This post is to run through the installation of a basic M3 15.1.2 environment. As with my previous documentation of the 10.1 installation – this is about achieving a few things

  1. Create a completely isolated environment that I can test updates with. Even though I have access to production, test and development environments – if something goes wrong then we potentially have an expensive prospect of getting it fixed.
  2. As it is completely isolated, I can do dumb stuff. The things that make sense in the wee hours of the morning, but once they blow up in your face you reflect and think “That was never going to work”
  3. Provides a better understanding of how the newer versions of M3 hang together.

In this post I wanted to minimise the number of servers I needed to spin up – so the entire M3 environment is running off a single virtualised server. Needless to say, shortcuts have been taken – especially around security and some of the configuration. Likewise no consideration has been given to tuning or performance implications.

In general I’ve followed the instructions, but in some instances needed to take a bit of a leap of faith. Where I followed the manual in a section I’ve included the document I was referencing. For convenience I have also included the files that I used for installation.
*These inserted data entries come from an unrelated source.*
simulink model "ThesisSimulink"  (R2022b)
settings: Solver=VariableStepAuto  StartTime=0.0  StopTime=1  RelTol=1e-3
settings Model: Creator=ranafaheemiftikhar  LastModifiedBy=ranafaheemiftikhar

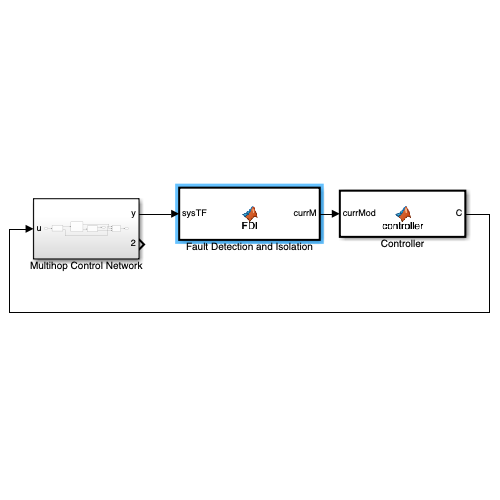
[thumbnail: Simulink's stored preview of the top-level diagram]
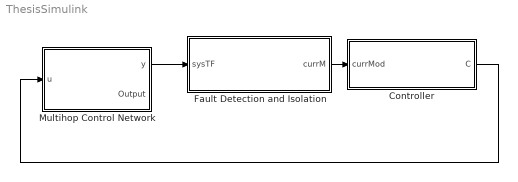
== system ThesisSimulink ==
  Controller : MATLAB Function  TreatAsAtomicUnit=on
  Fault Detection and Isolation : MATLAB Function  TreatAsAtomicUnit=on
  Multihop Control Network : Subsystem
  wires:
  Multihop Control Network/1(y) -> Fault Detection and Isolation/1(sysTF)
  Fault Detection and Isolation/1(currM) -> Controller/1(currMod)
  Controller/1(C) -> Multihop Control Network/1(u)

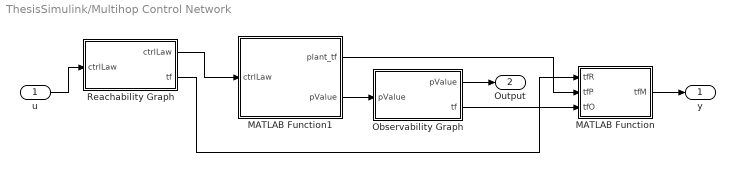
== system ThesisSimulink/Multihop Control Network ==
  u : Inport
  MATLAB Function : MATLAB Function  TreatAsAtomicUnit=on
  MATLAB Function1 : MATLAB Function  TreatAsAtomicUnit=on
  Observability Graph : MATLAB Function  TreatAsAtomicUnit=on
  Reachability Graph : MATLAB Function  TreatAsAtomicUnit=on
  y : Outport
  Output : Outport  Port=2
  wires:
  u/1 -> Reachability Graph/1("ctrlLaw ")
  Reachability Graph/1(ctrlLaw) -> MATLAB Function1/1(ctrlLaw)
  MATLAB Function1/2(pValue) -> Observability Graph/1("pValue ")
  MATLAB Function1/1(plant_tf) -> MATLAB Function/2(tfP)
  Reachability Graph/2(tf) -> MATLAB Function/1(tfR)
  Observability Graph/2(tf) -> MATLAB Function/3(tfO)
  Observability Graph/1(pValue) -> Output/1
  MATLAB Function/1(tfM) -> y/1

== matlab function ThesisSimulink/Multihop Control Network/Reachability Graph ==
  data: ctrlLaw output; tf output; ctrlLaw input
function [ctrlLaw,tf] = Gr_Tf(ctrlLaw)
s = [1,1,1,2,3,4];
d = [2,3,4,5,5,5];
sched_func = {[1,2],[1,3],[1,4],[2,5],[3,5],[4,5]};
[paths,G] = createGraph(s,d,50);
[tf_empty,transfer_function] = transferFunctionCalculate(paths, sched_func,G);

if tf_empty
    ctrlLaw = 0;
    tf = 0; 
else
    tf = transfer_function;
end

== matlab function ThesisSimulink/Fault Detection and Isolation ==
  data: sysTF input; currM output
function currM = FDI(sysTF)
disp(sysTF)
currM = sysTF;

== matlab function ThesisSimulink/Controller ==
  data: currMod input; C output
function C = controller(currMod)

C = currMod;

== matlab function ThesisSimulink/Multihop Control Network/MATLAB Function ==
  data: tfR input; tfM output; tfP input; tfO input
function tfM = systemTF(tfR, tfP, tfO)
    tfM = tfR*tfP*tfO;

== matlab function ThesisSimulink/Multihop Control Network/MATLAB Function1 ==
  data: ctrlLaw input; plant_tf output; pValue output
function [plant_tf,pValue] = plant(ctrlLaw)
    num_p = 0.5;
    den_p = [1, -0.8];
    plant_tf = tf(num_p, den_p, 1, 'variable', 'z'); 
    pValue = num_p;

== matlab function ThesisSimulink/Multihop Control Network/Observability Graph ==
  data: pValue output; pValue input; tf output
function [pValue,tf] = Go_Tf(pValue)

s = [1,1,1,2,3,4];
d = [2,3,4,5,5,5];
sched_func = {[1,2],[1,3],[1,4],[2,5],[3,5],[4,5]};
[paths,G] = createGraph(s,d,50);
[tf_empty,transfer_function] = transferFunctionCalculate(paths, sched_func,G);

if tf_empty
    pValue = 0;
    tf = 0; 
else
    tf = transfer_function;
end
simulink model "Modele_LQR_3DOF"  (R2019b)
settings: Solver=VariableStepAuto  StartTime=0.0  StopTime=20  FixedStep=0.1  RelTol=1e-3
undefined symbols (not defined in the file): Amatrix, B, Bmatrix, Fx1, Fx2, Fx3, Fx4, Fx5, Fx6, Fx7, Fx8, Fy1, Fy2, Fy3, Fy4, Fy5, Fy6, Fy7, Fy8, Fz1, Fz2, Fz3, Fz4, Fz5, Fz6, Fz7, Fz8, I_x, I_y, I_z, lx1, lx2, lx3, lx4, lx5, lx6, lx7, lx8, ly1, ly2, ly3, ly4, ly5, ly6, ly7, ly8, lz1, lz2, lz3, lz4, lz5, lz6, lz7, lz8, m, Q, R, W, X0, x_rb ... (+5)
libraries: simulink x12, robotlib x7, dspinverses x1
(part 2 of 2)

== matlab function Modele_LQR_3DOF/ROV model/ROV model/Kinetics1 ==
  data: u input size=1; u_dot output; v input size=1; w input size=1; p input size=1; q input size=1; r input size=1; phi input; theta input; psi input; tau input; v_dot output; w_dot output; p_dot output; q_dot output; r_dot output; u_dot_temp input; v_dot_temp input; w_dot_temp input; p_dot_temp input; q_dot_temp input; r_dot_temp input; disturbance input; EstimatedParams input; B parameter; Fx1 input; Fx2 input; Fx3 input; Fx4 input; Fx5 input; Fx6 input; Fx7 input; Fx8 input; Fy1 input; Fy2 input; Fy3 input; Fy4 input; Fy5 input; Fy6 input; Fy7 input; Fy8 input; Fz1 input; Fz2 input; Fz3 input; Fz4 input; Fz5 input; Fz6 input; Fz7 input; Fz8 input; I_x input; I_y input; I_z input; lx1 input; lx2 input; lx3 input; lx4 input; lx5 input; lx6 input; lx7 input; lx8 input; ly1 input; ly2 input; ly3 input; ly4 input; ly5 input; ly6 input; ly7 input; ly8 input; lz1 input; lz2 input; lz3 input; lz4 input; lz5 input; lz6 input; lz7 input; lz8 input; m parameter; W parameter; x_rb parameter; x_rg parameter; y_rb parameter; y_rg parameter; z_rb parameter; z_rg parameter
function [u_dot,v_dot,w_dot,p_dot,q_dot,r_dot] = Kinetics1(u,v,w,p,q,r,phi,theta,psi,tau,u_dot_temp,v_dot_temp,w_dot_temp,p_dot_temp,q_dot_temp,r_dot_temp, disturbance,EstimatedParams, B, Fx1, Fx2, Fx3, Fx4, Fx5, Fx6, Fx7, Fx8, Fy1, Fy2, Fy3, Fy4, Fy5, Fy6, Fy7, Fy8, Fz1, Fz2, Fz3, Fz4, Fz5, Fz6, Fz7, Fz8, I_x, I_y, I_z, lx1, lx2, lx3, lx4, lx5, lx6, lx7, lx8, ly1, ly2, ly3, ly4, ly5, ly6, ly7, ly8, lz1, lz2, lz3, lz4, lz5, lz6, lz7, lz8, m, W, x_rb, x_rg, y_rb, y_rg, z_rb, z_rg)
% LIVRE HMCH PAGE 58
%extract forces from thrusters
f1=tau(1);
f2=tau(2);
f3=tau(3);
f4=tau(4);
f5=tau(5);
f6=tau(6);
f7=tau(7);
f8=tau(8);

% displaced_water_volume = 0.03;
% water_density = 1000.0;
% m = 24;
% W = -9.81*m;
% B = -W;
%extract estimated parameters
X_u = EstimatedParams(1);
Y_v = EstimatedParams(2);
Z_w = EstimatedParams(3);
K_p = EstimatedParams(4); 
M_q = EstimatedParams(5);
N_r = EstimatedParams(6);
X_uu = EstimatedParams(7);
Y_vv = EstimatedParams(8);
Z_ww = EstimatedParams(9);
K_pp = EstimatedParams(10); 
M_qq = EstimatedParams(11); 
N_rr = EstimatedParams(12);
X_u_dot = EstimatedParams(13);
Y_v_dot = EstimatedParams(14);
Z_w_dot = EstimatedParams(15);
K_p_dot = EstimatedParams(16);
M_q_dot = EstimatedParams(17); 
N_r_dot = EstimatedParams(18); 
%extract forces from disturbance
u_c = disturbance(1);
v_c = disturbance(2);
w_c = disturbance(3);
p_c = disturbance(4);
q_c = disturbance(5);
r_c = disturbance(6);
%Full Equations without disturbance with zg = 0.02
% u_dot = -((0.7071*f1) + (0.7071*f2) - (0.7071*f3) - (0.7071*f4)- (0.230*q_dot_temp) + 2*sin(theta) + u*(X_u + X_uu*abs(u)) - (0.230*p*r) - (11.50*q*w) + (11.50*r*v) - Y_v_dot*r*v + Z_w_dot*q*w)/(X_u_dot - 11.50);
% v_dot = ((0.7071*f1) - (0.7071*f2) + (0.7071*f3) - (0.7071*f4) - (0.230*p_dot_temp) + 2*cos(theta)*sin(phi) - v*(Y_v + Y_vv*abs(v)) + (11.50*q*r) - (11.50*p*w) + (11.50*r*u) - X_u_dot*r*u + Z_w_dot*p*w)/(Y_v_dot - 11.50);
% w_dot = -(f6 - f5 + f7 - f8 - 2*cos(phi)*cos(theta) + w*(Z_w + Z_ww*abs(w)) + q*((23*q)/100 - X_u_dot*u) + p*((23*p)/100 + Y_v_dot*v) - (11.50*p*v) + (11.50*q*u))/(Z_w_dot - 11.50);
% p_dot = -(25*((0.0601*f1) - (0.0601*f2) + (0.0601*f3) - (0.0601*f4) - (109*f5)/500 - (109*f6)/500 + (0.2180*f7) + (0.2180*f8) + (0.230*v_dot_temp) + K_p*p - (2.2560*cos(theta)*sin(phi)) - (0.230*p*w) + (0.230*r*u) - M_q_dot*q*r + N_r_dot*q*r - Y_v_dot*v*w + Z_w_dot*v*w + K_pp*p*abs(p)))/(25*K_p_dot - 4);
% q_dot =-(25*((0.0601*f1) + (0.0601*f2) - (0.0601*f3) - (0.0601*f4)+ (0.120*f5) - (0.120*f6) + (0.120*f7) - (0.120*f8) - (0.230*u_dot_temp) - (2.2560*sin(theta)) + M_q*q - (0.230*q*w) + (0.230*r*v) + K_p_dot*p*r - N_r_dot*p*r + X_u_dot*u*w - Z_w_dot*u*w + M_qq*q*abs(q)))/(25*M_q_dot - 4);
% r_dot = -(25*((0.1888*f2) - (0.1888*f1) + (0.1888*f3) - (0.1888*f4) + N_r*r - K_p_dot*p*q + M_q_dot*p*q - X_u_dot*u*v + Y_v_dot*u*v + N_rr*r*abs(r)))/(25*N_r_dot - 4);

%Full Equations without disturbance with zg = 0.02 + utilisation de la fontion vpa
% u_dot = -(1.0*(0.7071*f1 + 0.7071*f2 - 0.7071*f3 - 0.7071*f4 - 0.23*q_dot_temp + 2.0*sin(theta) + (X_u + X_uu*abs(u - 1.0*u_c))*(u - 1.0*u_c) - 1.0*(11.5*q - 11.5*q_c)*(w - 1.0*w_c) + (11.5*r - 11.5*r_c)*(v - 1.0*v_c) - 1.0*(p - 1.0*p_c)*(0.23*r - 0.23*r_c) + (X_u_dot - 11.5)*(q*w_c - 1.0*r*v_c) - 1.0*Y_v_dot*(r - 1.0*r_c)*(v - 1.0*v_c) + Z_w_dot*(q - 1.0*q_c)*(w - 1.0*w_c)))/(X_u_dot - 11.5);
% v_dot = (0.7071*f1 - 0.7071*f2 + 0.7071*f3 - 0.7071*f4 - 0.23*p_dot_temp - 1.0*(11.5*p - 11.5*p_c)*(w - 1.0*w_c) + (11.5*r - 11.5*r_c)*(u - 1.0*u_c) - 1.0*(Y_v + Y_vv*abs(v - 1.0*v_c))*(v - 1.0*v_c) + 2.0*cos(theta)*sin(phi) + (q - 1.0*q_c)*(0.23*r - 0.23*r_c) + (Y_v_dot - 11.5)*(p*w_c - 1.0*r*u_c) - 1.0*X_u_dot*(r - 1.0*r_c)*(u - 1.0*u_c) + Z_w_dot*(p - 1.0*p_c)*(w - 1.0*w_c))/(Y_v_dot - 11.5);
% w_dot =-(1.0*(f6 - 1.0*f5 + f7 - 1.0*f8 - 1.0*(11.5*p - 11.5*p_c)*(v - 1.0*v_c) + (11.5*q - 11.5*q_c)*(u - 1.0*u_c) - 2.0*cos(phi)*cos(theta) + (Z_w + Z_ww*abs(w - 1.0*w_c))*(w - 1.0*w_c) + (Z_w_dot - 11.5)*(p*v_c - 1.0*q*u_c) + (p - 1.0*p_c)*(0.23*p - 0.23*p_c + Y_v_dot*(v - 1.0*v_c)) - 1.0*(q - 1.0*q_c)*(0.23*q_c - 0.23*q + X_u_dot*(u - 1.0*u_c))))/(Z_w_dot - 11.5);
% p_dot =-(1.0*(0.0601035*f1 - 0.0601035*f2 + 0.0601035*f3 - 0.0601035*f4 - 0.218*f5 - 0.218*f6 + 0.218*f7 + 0.218*f8 + 0.23*v_dot - 2.256*cos(theta)*sin(phi) + (u - 1.0*u_c)*(0.23*r - 0.23*r_c) - 0.23*p*w_c + 0.23*r*u_c - 1.0*(r - 1.0*r_c)*(0.16*q_c - 0.16*q + M_q_dot*(q - 1.0*q_c)) + (q - 1.0*q_c)*(0.16*r_c - 0.16*r + N_r_dot*(r - 1.0*r_c)) + (K_p + K_pp*abs(p - 1.0*p_c))*(p - 1.0*p_c) - 1.0*(w - 1.0*w_c)*(0.23*p - 0.23*p_c + Y_v_dot*(v - 1.0*v_c)) + Z_w_dot*(v - 1.0*v_c)*(w - 1.0*w_c)))/(K_p_dot - 0.16);
% q_dot =-(1.0*(0.0601035*f1 + 0.0601035*f2 - 0.0601035*f3 - 0.0601035*f4 + 0.12*f5 - 0.12*f6 + 0.12*f7 - 0.12*f8 - 0.23*u_dot - 2.256*sin(theta) + (v - 1.0*v_c)*(0.23*r - 0.23*r_c) - 0.23*q*w_c + 0.23*r*v_c + (r - 1.0*r_c)*(0.16*p_c - 0.16*p + K_p_dot*(p - 1.0*p_c)) - 1.0*(p - 1.0*p_c)*(0.16*r_c - 0.16*r + N_r_dot*(r - 1.0*r_c)) + (w - 1.0*w_c)*(0.23*q_c - 0.23*q + X_u_dot*(u - 1.0*u_c)) + (M_q + M_qq*abs(q - 1.0*q_c))*(q - 1.0*q_c) - 1.0*Z_w_dot*(u - 1.0*u_c)*(w - 1.0*w_c)))/(M_q_dot - 0.16);
% r_dot = -(1.0*(0.1887957*f2 - 0.1887957*f1 + 0.1887957*f3 - 0.1887957*f4 - 1.0*(q - 1.0*q_c)*(0.16*p_c - 0.16*p + K_p_dot*(p - 1.0*p_c)) + (p - 1.0*p_c)*(0.16*q_c - 0.16*q + M_q_dot*(q - 1.0*q_c)) + (N_r + N_rr*abs(r - 1.0*r_c))*(r - 1.0*r_c) - 1.0*X_u_dot*(u - 1.0*u_c)*(v - 1.0*v_c) + Y_v_dot*(u - 1.0*u_c)*(v - 1.0*v_c)))/(N_r_dot - 0.16);

% u_dot = -(1.0*((X_u + X_uu*abs(u - 1.0*u_c))*(u - 1.0*u_c) + sin(theta)*(B - 9.81*m) + Fx1*f1 + Fx2*f2 + Fx3*f3 + Fx4*f4 + Fx5*f5 + Fx6*f6 + Fx7*f7 + Fx8*f8 + (q*w_c - 1.0*r*v_c)*(X_u_dot - 1.0*m) + (Z_w_dot*(w - 1.0*w_c) + m*x_rg*(q - 1.0*q_c))*(q - 1.0*q_c) - 1.0*(Y_v_dot*(v - 1.0*v_c) - 1.0*m*x_rg*(r - 1.0*r_c))*(r - 1.0*r_c) - 1.0*(m*y_rg*(q - 1.0*q_c) + m*z_rg*(r - 1.0*r_c))*(p - 1.0*p_c) - 1.0*m*(q - 1.0*q_c)*(w - 1.0*w_c) + m*(r - 1.0*r_c)*(v - 1.0*v_c) - 1.0*m*q_dot_temp*z_rg + m*r_dot_temp*y_rg))/(X_u_dot - 1.0*m);
%  
%  
% v_dot = -(1.0*((Y_v + Y_vv*abs(v - 1.0*v_c))*(v - 1.0*v_c) + Fy1*f1 + Fy2*f2 + Fy3*f3 + Fy4*f4 + Fy5*f5 + Fy6*f6 + Fy7*f7 + Fy8*f8 - 1.0*(p*w_c - 1.0*r*u_c)*(Y_v_dot - 1.0*m) + (X_u_dot*(u - 1.0*u_c) + m*y_rg*(r - 1.0*r_c))*(r - 1.0*r_c) - 1.0*(Z_w_dot*(w - 1.0*w_c) - 1.0*m*y_rg*(p - 1.0*p_c))*(p - 1.0*p_c) - 1.0*(m*x_rg*(p - 1.0*p_c) + m*z_rg*(r - 1.0*r_c))*(q - 1.0*q_c) + m*(p - 1.0*p_c)*(w - 1.0*w_c) - 1.0*m*(r - 1.0*r_c)*(u - 1.0*u_c) + m*p_dot_temp*z_rg - 1.0*m*r_dot_temp*x_rg - 1.0*cos(theta)*sin(phi)*(B - 9.81*m)))/(Y_v_dot - 1.0*m);
%  
%  
% w_dot = -(1.0*(Fz1*f1 + Fz2*f2 + Fz3*f3 + Fz4*f4 + Fz5*f5 + Fz6*f6 + Fz7*f7 + Fz8*f8 + (Z_w + Z_ww*abs(w - 1.0*w_c))*(w - 1.0*w_c) + (p*v_c - 1.0*q*u_c)*(Z_w_dot - 1.0*m) + (Y_v_dot*(v - 1.0*v_c) + m*z_rg*(p - 1.0*p_c))*(p - 1.0*p_c) - 1.0*(X_u_dot*(u - 1.0*u_c) - 1.0*m*z_rg*(q - 1.0*q_c))*(q - 1.0*q_c) - 1.0*(m*x_rg*(p - 1.0*p_c) + m*y_rg*(q - 1.0*q_c))*(r - 1.0*r_c) - 1.0*m*(p - 1.0*p_c)*(v - 1.0*v_c) + m*(q - 1.0*q_c)*(u - 1.0*u_c) - 1.0*m*p_dot_temp*y_rg + m*q_dot_temp*x_rg - 1.0*cos(phi)*cos(theta)*(B - 9.81*m)))/(Z_w_dot - 1.0*m);
%  
%  
% p_dot = -(1.0*((Y_v_dot*(v - 1.0*v_c) + m*z_rg*(p - 1.0*p_c))*(w - 1.0*w_c) + f1*(Fy1*lz1 - 1.0*Fz1*ly1) + f2*(Fy2*lz2 - 1.0*Fz2*ly2) + f3*(Fy3*lz3 - 1.0*Fz3*ly3) + f4*(Fy4*lz4 - 1.0*Fz4*ly4) + f5*(Fy5*lz5 - 1.0*Fz5*ly5) + f6*(Fy6*lz6 - 1.0*Fz6*ly6) + f7*(Fy7*lz7 - 1.0*Fz7*ly7) + f8*(Fy8*lz8 - 1.0*Fz8*ly8) - 1.0*(Z_w_dot*(w - 1.0*w_c) - 1.0*m*y_rg*(p - 1.0*p_c))*(v - 1.0*v_c) - 1.0*(K_p + K_pp*abs(p - 1.0*p_c))*(p - 1.0*p_c) - 1.0*(m*y_rg*(q - 1.0*q_c) + m*z_rg*(r - 1.0*r_c))*(u - 1.0*u_c) - 1.0*(I_y*(q - 1.0*q_c) - 1.0*M_q_dot*(q - 1.0*q_c))*(r - 1.0*r_c) + (I_z*(r - 1.0*r_c) - 1.0*N_r_dot*(r - 1.0*r_c))*(q - 1.0*q_c) + cos(phi)*cos(theta)*(B*y_rb - 9.81*m*y_rg) - 1.0*cos(theta)*sin(phi)*(B*z_rb - 9.81*m*z_rg) + m*y_rg*(w_dot + p*v_c - 1.0*q*u_c) - 1.0*m*z_rg*(v_dot - 1.0*p*w_c + r*u_c)))/(I_x - 1.0*K_p_dot);
%  
%  
% q_dot = (sin(theta)*(B*z_rb - 9.81*m*z_rg) - 1.0*(Z_w_dot*(w - 1.0*w_c) + m*x_rg*(q - 1.0*q_c))*(u - 1.0*u_c) + f1*(Fx1*lz1 - 1.0*Fz1*lx1) + f2*(Fx2*lz2 - 1.0*Fz2*lx2) + f3*(Fx3*lz3 - 1.0*Fz3*lx3) + f4*(Fx4*lz4 - 1.0*Fz4*lx4) + f5*(Fx5*lz5 - 1.0*Fz5*lx5) + f6*(Fx6*lz6 - 1.0*Fz6*lx6) + f7*(Fx7*lz7 - 1.0*Fz7*lx7) + f8*(Fx8*lz8 - 1.0*Fz8*lx8) + (X_u_dot*(u - 1.0*u_c) - 1.0*m*z_rg*(q - 1.0*q_c))*(w - 1.0*w_c) + (M_q + M_qq*abs(q - 1.0*q_c))*(q - 1.0*q_c) - 1.0*(I_x*(p - 1.0*p_c) - 1.0*K_p_dot*(p - 1.0*p_c))*(r - 1.0*r_c) + (m*x_rg*(p - 1.0*p_c) + m*z_rg*(r - 1.0*r_c))*(v - 1.0*v_c) + (I_z*(r - 1.0*r_c) - 1.0*N_r_dot*(r - 1.0*r_c))*(p - 1.0*p_c) + cos(phi)*cos(theta)*(B*x_rb - 9.81*m*x_rg) + m*x_rg*(w_dot + p*v_c - 1.0*q*u_c) - 1.0*m*z_rg*(u_dot + q*w_c - 1.0*r*v_c))/(I_y - 1.0*M_q_dot);
%  
%  
% r_dot = -(1.0*(sin(theta)*(B*y_rb - 9.81*m*y_rg) + (X_u_dot*(u - 1.0*u_c) + m*y_rg*(r - 1.0*r_c))*(v - 1.0*v_c) + f1*(Fx1*ly1 - 1.0*Fy1*lx1) + f2*(Fx2*ly2 - 1.0*Fy2*lx2) + f3*(Fx3*ly3 - 1.0*Fy3*lx3) + f4*(Fx4*ly4 - 1.0*Fy4*lx4) + f5*(Fx5*ly5 - 1.0*Fy5*lx5) + f6*(Fx6*ly6 - 1.0*Fy6*lx6) + f7*(Fx7*ly7 - 1.0*Fy7*lx7) + f8*(Fx8*ly8 - 1.0*Fy8*lx8) - 1.0*(Y_v_dot*(v - 1.0*v_c) - 1.0*m*x_rg*(r - 1.0*r_c))*(u - 1.0*u_c) - 1.0*(N_r + N_rr*abs(r - 1.0*r_c))*(r - 1.0*r_c) - 1.0*(I_x*(p - 1.0*p_c) - 1.0*K_p_dot*(p - 1.0*p_c))*(q - 1.0*q_c) + (I_y*(q - 1.0*q_c) - 1.0*M_q_dot*(q - 1.0*q_c))*(p - 1.0*p_c) - 1.0*(m*x_rg*(p - 1.0*p_c) + m*y_rg*(q - 1.0*q_c))*(w - 1.0*w_c) + cos(theta)*sin(phi)*(B*x_rb - 9.81*m*x_rg) + m*x_rg*(v_dot - 1.0*p*w_c + r*u_c) - 1.0*m*y_rg*(u_dot + q*w_c - 1.0*r*v_c)))/(I_z - 1.0*N_r_dot);
 
u_dot = -(1.0*((X_u + X_uu*abs(u - 1.0*u_c))*(u - 1.0*u_c) + Fx1*f1 + Fx2*f2 + Fx3*f3 + Fx4*f4 + Fx5*f5 + Fx6*f6 + Fx7*f7 + Fx8*f8 + (q*w_c - 1.0*r*v_c)*(X_u_dot - 1.0*m) + (Z_w_dot*(w - 1.0*w_c) + m*x_rg*(q - 1.0*q_c))*(q - 1.0*q_c) - 1.0*(Y_v_dot*(v - 1.0*v_c) - 1.0*m*x_rg*(r - 1.0*r_c))*(r - 1.0*r_c) + sin(theta)*(B - 1.0*W) - 1.0*(m*y_rg*(q - 1.0*q_c) + m*z_rg*(r - 1.0*r_c))*(p - 1.0*p_c) - 1.0*m*(q - 1.0*q_c)*(w - 1.0*w_c) + m*(r - 1.0*r_c)*(v - 1.0*v_c) - 1.0*m*q_dot_temp*z_rg + m*r_dot_temp*y_rg))/(X_u_dot - 1.0*m);

 
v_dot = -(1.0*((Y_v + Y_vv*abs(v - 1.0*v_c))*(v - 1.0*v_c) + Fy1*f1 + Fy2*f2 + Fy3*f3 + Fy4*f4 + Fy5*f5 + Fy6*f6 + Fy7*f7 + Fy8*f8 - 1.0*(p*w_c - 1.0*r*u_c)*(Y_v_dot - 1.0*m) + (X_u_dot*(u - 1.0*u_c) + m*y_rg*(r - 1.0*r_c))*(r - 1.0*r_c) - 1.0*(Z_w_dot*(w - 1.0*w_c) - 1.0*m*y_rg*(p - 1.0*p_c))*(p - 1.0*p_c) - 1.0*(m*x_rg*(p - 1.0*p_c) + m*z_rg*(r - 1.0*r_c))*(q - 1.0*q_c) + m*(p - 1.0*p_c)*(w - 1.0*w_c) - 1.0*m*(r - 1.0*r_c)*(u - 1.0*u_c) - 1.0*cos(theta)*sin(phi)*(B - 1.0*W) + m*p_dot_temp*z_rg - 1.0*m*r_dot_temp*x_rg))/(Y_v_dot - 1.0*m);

Following these instructions should give you a basic running test environment, with the M3BE, M3 UI Adapter, Smart Office, LDAP Session Provider and H5 Enterprise client.

Even though the M3 environment is on a single server, I do have Active Directory and DNS set up on another server which acts as another part of my test network.

Please excuse some of the highlighting – occasionally it shoots across the screen which appears to be a bug in the beta version of Windows I’m using and it got rather tedious trying to correct all of the screen captures.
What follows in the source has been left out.